All patients signed informed consent to participation in this study, which was performed in accordance with the Declaration of Helsinki guidelines, approved by the Institutional Review Board (approval n. 1376) and registered in the NIH clinical studies web-site (clinicaltrials.gov identifier: NCT 00396916).
The primary end-point of the study was progression-free survival, calculated from diagnosis to the occurrence of disease progression, relapse or death from any cause.8 The secondary endpoint was overall survival, calculated from diagnosis to death from any cause. Complete remission was defined as the disappearance of all disease manifestations, at the end of therapy. Primary progressive disease was defined as persistence of disease, or the appearance of new sites of FDG uptake on the FDG-PET/CT scans during the first 3 months after completion of therapy. Relapse was defined as the appearance of new clinical or imaging findings, which were proven by biopsy to be foci of disease, in patients who had remained in complete remission for more than 3 months after the completion of therapy.12 A positive interim FDG-PET/CT study was defined as truly predictive when the patient had disease progression. A falsely positive predictive interim study was defined as a positive interim study in a patient who achieved complete remission and did not have progressive disease during the follow-up. Truly negative studies were defined as negative interim FDG-PET scans in patients who had continued remission during follow-up. A falsely negative predictive interim FDG-PET was defined as a negative interim study in a patient who had disease progression during follow-up.
Progression-free survival and overall survival were evaluated using Kaplan-Meier curves and the log-rank test.13 The positive predictive value (PPV) was defined as the number of truly positive patients divided by the number of positive interim FDG-PET/CT results. The negative predictive value (NPV) was calculated as the number of truly negative patients divided by the number of patients with negative interim FDG-PET findings. All P values were two-sided with the level of statistical significance being 0.05. Accuracy was defined as the number of true positive and true negative outcomes divided by the number of all tested participants. Specificity, sensitivity and accuracy values were compared using McNemar’s test. Statistical analyses were performed using SPSS15.0 (SPSS, Chicago, IL, USA).
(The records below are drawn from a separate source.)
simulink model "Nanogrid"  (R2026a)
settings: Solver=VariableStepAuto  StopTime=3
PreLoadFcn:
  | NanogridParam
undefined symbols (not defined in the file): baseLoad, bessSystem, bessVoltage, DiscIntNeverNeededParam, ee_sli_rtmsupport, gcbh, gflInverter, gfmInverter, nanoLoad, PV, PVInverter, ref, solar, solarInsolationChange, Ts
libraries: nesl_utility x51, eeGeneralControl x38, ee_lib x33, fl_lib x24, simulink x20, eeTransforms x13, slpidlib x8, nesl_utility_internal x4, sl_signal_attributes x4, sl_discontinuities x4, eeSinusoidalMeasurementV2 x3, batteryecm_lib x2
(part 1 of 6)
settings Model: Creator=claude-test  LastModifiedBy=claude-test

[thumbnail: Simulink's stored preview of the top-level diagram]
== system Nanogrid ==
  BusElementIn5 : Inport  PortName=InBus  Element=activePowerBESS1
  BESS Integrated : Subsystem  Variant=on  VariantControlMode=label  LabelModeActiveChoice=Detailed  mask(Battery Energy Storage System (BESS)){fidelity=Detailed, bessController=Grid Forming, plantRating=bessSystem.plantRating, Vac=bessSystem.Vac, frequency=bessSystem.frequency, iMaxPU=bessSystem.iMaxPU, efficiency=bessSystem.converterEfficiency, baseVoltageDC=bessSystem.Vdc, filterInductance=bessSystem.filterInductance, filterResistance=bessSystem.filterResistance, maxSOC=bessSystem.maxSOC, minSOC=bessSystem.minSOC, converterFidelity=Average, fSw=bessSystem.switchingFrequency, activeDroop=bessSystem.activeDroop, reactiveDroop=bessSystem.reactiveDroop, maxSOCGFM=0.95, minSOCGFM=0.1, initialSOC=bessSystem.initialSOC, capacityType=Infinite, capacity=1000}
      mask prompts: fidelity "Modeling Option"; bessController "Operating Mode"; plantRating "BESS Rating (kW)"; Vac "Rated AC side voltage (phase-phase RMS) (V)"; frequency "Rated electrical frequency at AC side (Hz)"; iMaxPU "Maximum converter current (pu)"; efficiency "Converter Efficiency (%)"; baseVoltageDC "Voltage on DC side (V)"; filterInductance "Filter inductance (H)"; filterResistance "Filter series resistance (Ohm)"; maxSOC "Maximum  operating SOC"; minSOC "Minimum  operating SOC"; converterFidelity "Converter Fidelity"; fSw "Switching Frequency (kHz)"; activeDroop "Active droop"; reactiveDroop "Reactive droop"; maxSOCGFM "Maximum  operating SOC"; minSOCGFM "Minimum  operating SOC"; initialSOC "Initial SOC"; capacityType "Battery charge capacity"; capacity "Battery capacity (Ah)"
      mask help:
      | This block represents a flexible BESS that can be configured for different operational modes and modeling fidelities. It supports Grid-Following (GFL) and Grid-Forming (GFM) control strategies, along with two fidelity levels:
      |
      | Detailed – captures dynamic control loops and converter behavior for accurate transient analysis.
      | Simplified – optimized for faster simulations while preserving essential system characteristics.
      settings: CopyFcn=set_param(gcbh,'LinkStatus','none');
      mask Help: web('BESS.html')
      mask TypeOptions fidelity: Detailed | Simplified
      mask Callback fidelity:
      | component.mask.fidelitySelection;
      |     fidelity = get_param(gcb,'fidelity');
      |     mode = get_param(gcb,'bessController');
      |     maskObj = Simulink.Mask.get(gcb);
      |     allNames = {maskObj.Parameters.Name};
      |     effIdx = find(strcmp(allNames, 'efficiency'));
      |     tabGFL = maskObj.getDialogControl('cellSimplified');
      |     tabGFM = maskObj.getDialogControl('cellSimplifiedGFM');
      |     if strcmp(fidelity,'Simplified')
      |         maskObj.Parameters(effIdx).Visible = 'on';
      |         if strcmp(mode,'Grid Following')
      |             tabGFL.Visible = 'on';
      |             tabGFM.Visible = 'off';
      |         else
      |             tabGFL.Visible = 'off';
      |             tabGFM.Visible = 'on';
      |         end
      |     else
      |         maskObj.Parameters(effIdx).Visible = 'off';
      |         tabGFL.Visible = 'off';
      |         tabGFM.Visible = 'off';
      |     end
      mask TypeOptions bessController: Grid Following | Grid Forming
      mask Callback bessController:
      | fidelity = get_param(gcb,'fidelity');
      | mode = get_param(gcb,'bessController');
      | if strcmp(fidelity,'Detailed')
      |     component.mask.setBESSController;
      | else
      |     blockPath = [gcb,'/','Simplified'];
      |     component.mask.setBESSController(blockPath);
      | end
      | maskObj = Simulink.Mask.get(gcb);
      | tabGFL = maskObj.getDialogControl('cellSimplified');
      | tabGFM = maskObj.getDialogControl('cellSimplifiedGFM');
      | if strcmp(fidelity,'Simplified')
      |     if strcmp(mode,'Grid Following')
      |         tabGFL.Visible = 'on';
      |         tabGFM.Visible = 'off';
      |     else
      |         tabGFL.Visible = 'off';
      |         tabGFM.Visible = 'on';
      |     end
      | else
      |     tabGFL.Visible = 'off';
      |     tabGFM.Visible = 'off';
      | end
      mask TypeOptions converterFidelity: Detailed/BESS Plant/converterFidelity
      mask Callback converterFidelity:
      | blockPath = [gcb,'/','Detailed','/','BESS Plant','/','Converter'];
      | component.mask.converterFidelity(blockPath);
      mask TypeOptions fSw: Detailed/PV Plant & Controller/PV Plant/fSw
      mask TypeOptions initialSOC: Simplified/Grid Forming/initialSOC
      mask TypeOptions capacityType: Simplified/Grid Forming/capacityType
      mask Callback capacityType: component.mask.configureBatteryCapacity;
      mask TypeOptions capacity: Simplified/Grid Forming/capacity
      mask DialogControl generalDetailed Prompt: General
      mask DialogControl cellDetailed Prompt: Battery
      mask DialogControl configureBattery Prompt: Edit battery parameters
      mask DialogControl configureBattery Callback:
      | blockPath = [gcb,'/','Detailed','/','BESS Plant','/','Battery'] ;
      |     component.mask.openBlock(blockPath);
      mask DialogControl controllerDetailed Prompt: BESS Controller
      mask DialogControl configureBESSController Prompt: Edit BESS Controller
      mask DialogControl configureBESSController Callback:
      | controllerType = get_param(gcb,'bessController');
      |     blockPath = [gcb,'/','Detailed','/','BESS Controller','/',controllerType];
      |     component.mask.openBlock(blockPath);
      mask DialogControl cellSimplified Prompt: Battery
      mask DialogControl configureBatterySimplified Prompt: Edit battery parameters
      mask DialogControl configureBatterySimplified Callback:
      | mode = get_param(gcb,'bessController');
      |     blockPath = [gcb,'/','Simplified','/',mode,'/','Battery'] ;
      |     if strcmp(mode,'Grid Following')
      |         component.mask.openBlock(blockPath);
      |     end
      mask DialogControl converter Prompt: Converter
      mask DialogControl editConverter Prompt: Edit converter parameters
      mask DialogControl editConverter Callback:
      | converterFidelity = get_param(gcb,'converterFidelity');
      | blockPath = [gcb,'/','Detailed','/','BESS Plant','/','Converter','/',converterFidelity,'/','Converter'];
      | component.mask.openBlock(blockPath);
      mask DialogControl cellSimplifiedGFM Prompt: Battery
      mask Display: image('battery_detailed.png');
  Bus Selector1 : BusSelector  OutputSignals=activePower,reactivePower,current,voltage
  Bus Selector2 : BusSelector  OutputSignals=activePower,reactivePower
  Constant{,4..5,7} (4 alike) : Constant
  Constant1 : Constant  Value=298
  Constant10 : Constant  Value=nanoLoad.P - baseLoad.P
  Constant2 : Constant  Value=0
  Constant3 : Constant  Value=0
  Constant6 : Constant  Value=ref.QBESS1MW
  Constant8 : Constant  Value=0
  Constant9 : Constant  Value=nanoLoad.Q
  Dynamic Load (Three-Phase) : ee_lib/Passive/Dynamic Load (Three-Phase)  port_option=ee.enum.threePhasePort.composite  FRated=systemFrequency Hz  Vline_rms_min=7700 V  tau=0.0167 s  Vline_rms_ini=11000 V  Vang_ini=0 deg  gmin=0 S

The characteristics of the 96 patients reported in this study are presented in Table 1. Ninety of the 96 patients (93%) included in the study achieved complete remission. Six patients had primary progressive disease (6%). Three relapses were recorded at a median follow-up of 59 months (range, 11–71 months), 11, 13 and 41 months following diagnosis (4, 5 and 36 months after the end of therapy). Interim FDG-PET/CT results using the static visual score and dynamic visual score, and the corresponding patients’ outcome are presented in Figure 1A and 1B.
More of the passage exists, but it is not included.